▸ Records to use

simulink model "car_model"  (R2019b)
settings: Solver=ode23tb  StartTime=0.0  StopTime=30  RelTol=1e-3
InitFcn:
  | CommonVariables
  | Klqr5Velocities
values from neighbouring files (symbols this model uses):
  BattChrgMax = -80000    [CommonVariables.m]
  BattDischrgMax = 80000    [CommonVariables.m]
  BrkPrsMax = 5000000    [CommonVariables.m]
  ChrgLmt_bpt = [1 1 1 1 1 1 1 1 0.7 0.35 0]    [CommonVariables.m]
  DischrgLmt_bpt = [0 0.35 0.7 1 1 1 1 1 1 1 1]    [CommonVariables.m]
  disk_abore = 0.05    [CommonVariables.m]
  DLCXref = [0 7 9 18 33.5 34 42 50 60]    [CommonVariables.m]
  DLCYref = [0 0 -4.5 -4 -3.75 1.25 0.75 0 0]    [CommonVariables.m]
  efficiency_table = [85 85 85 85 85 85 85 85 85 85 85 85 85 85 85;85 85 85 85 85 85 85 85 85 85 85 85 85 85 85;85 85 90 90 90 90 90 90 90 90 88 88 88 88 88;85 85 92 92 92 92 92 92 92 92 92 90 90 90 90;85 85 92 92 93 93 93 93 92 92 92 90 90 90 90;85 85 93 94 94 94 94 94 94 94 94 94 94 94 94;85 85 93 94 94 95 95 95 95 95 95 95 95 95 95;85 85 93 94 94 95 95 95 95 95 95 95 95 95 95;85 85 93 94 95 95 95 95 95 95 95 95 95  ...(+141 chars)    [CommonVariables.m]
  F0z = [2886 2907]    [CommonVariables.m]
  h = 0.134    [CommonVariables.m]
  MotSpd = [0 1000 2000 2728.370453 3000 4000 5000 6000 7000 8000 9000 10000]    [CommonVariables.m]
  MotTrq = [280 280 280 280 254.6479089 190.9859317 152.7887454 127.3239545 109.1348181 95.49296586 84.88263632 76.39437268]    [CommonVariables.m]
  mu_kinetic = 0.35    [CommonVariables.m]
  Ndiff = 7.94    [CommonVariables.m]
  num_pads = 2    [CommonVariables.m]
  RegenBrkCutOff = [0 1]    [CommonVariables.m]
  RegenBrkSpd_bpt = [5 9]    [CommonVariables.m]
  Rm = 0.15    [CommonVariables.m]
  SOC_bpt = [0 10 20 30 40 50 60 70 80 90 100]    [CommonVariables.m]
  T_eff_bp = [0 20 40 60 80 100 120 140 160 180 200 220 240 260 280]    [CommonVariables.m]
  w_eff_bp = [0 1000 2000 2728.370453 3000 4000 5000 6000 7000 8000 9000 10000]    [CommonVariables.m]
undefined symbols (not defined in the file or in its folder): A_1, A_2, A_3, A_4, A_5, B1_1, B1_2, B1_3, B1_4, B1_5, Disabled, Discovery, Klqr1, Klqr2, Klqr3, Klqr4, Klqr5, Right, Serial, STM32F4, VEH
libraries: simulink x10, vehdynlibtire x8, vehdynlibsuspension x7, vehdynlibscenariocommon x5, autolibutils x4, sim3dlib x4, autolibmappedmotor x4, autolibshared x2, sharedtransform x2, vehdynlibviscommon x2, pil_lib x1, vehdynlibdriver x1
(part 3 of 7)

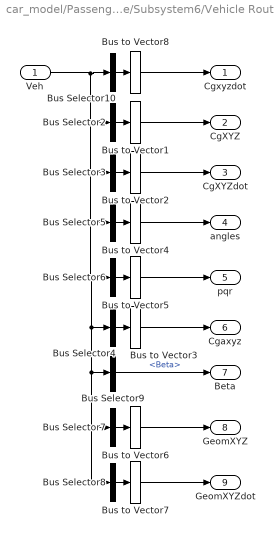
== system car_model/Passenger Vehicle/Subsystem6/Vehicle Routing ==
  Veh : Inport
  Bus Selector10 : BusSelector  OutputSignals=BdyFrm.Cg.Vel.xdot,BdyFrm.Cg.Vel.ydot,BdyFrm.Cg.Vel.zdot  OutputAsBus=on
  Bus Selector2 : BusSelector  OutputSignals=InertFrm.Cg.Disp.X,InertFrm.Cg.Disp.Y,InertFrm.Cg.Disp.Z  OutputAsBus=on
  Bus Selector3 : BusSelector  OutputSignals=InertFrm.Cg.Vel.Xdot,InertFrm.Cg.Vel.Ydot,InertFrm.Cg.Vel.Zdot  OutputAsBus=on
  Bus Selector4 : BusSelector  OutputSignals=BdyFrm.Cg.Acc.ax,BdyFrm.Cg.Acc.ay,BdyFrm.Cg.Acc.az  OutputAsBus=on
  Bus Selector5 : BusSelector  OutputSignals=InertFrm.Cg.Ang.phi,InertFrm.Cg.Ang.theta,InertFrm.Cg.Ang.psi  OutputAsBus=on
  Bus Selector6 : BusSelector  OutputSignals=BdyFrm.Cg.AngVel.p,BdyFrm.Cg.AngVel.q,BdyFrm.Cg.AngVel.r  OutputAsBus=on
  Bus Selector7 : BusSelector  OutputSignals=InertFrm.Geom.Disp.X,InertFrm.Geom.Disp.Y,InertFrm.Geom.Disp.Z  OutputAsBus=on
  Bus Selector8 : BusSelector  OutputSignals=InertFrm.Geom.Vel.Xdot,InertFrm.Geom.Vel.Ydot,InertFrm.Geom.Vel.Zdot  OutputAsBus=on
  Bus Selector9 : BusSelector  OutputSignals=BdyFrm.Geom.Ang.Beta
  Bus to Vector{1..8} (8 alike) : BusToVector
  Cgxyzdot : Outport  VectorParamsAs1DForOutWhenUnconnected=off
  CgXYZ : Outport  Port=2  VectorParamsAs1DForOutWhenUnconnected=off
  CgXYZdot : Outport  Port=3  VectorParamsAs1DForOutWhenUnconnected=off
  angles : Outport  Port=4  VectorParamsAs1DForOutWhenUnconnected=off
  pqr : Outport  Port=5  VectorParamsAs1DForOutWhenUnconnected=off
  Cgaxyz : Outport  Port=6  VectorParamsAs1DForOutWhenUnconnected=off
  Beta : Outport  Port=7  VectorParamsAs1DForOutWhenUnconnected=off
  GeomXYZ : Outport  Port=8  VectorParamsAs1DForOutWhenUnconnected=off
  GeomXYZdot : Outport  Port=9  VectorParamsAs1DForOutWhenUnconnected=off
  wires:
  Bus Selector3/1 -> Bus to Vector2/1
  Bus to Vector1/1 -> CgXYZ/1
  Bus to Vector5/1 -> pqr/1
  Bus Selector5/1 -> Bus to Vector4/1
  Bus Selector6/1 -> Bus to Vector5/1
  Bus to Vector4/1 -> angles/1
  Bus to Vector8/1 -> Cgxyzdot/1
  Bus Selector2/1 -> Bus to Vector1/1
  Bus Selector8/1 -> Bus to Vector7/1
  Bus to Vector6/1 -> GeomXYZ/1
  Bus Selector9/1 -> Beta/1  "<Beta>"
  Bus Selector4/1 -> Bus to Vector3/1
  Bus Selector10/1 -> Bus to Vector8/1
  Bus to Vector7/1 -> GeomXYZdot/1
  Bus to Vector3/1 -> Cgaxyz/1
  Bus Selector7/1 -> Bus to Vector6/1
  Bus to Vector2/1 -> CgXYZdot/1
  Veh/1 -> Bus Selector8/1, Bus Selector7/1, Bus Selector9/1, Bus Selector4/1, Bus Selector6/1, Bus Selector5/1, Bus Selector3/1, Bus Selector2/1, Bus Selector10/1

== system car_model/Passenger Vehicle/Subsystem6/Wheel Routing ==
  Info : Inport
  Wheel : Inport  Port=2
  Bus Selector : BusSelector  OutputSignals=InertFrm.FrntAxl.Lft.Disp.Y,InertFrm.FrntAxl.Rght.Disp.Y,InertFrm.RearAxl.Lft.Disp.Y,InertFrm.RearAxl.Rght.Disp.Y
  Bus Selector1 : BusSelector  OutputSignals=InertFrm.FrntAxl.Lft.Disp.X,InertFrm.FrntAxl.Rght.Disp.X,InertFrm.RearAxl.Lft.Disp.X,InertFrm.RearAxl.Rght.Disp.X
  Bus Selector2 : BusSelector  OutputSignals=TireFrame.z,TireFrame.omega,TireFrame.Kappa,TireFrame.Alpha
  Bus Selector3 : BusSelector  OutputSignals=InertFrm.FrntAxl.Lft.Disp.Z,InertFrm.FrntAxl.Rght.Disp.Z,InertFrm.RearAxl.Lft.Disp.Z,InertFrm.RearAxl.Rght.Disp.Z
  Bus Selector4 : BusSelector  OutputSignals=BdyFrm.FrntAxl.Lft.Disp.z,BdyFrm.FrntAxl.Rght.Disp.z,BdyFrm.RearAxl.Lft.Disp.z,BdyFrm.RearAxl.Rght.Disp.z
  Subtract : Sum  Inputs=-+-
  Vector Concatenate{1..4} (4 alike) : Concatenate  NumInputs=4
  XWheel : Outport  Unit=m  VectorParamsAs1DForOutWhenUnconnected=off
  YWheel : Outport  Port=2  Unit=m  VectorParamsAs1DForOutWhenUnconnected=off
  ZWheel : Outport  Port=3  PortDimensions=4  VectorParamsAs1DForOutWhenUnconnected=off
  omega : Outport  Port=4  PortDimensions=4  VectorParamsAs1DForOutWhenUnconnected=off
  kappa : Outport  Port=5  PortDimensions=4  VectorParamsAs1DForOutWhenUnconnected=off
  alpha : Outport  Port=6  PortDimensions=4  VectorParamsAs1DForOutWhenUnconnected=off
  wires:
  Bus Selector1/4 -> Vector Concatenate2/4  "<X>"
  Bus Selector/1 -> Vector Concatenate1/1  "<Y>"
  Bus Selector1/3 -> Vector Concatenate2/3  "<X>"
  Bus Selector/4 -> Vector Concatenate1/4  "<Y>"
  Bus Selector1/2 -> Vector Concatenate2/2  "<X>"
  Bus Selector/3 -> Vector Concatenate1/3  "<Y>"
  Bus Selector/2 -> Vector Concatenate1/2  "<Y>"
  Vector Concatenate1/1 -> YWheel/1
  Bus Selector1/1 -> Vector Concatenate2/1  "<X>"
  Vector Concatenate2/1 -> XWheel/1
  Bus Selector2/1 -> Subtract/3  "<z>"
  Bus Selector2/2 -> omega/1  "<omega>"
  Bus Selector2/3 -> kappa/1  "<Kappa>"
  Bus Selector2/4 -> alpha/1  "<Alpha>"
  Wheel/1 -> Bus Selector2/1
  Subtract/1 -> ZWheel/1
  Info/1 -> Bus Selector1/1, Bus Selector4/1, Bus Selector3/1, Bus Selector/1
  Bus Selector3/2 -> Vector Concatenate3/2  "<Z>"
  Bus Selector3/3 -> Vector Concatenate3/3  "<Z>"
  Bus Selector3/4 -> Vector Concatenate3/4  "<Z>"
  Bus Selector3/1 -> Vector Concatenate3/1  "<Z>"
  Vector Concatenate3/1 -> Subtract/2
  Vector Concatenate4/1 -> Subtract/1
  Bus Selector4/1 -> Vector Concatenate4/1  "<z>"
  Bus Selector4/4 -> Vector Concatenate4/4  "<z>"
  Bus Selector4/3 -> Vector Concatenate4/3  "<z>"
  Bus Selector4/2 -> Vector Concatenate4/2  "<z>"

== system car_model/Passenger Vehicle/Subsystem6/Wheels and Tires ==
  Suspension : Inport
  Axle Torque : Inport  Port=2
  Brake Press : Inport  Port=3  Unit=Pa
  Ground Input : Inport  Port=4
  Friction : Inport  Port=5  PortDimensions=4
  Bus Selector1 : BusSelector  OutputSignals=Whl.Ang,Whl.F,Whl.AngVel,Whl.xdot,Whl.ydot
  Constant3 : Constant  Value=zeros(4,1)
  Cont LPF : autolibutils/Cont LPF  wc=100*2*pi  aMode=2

▸ Task item
Working from the data above, extract solely the lines from the one containing "Veh/1 -> Bus" through the one containing "Wheel : Inport", exactly as they appear, both included.

▸ Your solution
  Veh/1 -> Bus Selector8/1, Bus Selector7/1, Bus Selector9/1, Bus Selector4/1, Bus Selector6/1, Bus Selector5/1, Bus Selector3/1, Bus Selector2/1, Bus Selector10/1

== system car_model/Passenger Vehicle/Subsystem6/Wheel Routing ==
  Info : Inport
  Wheel : Inport  Port=2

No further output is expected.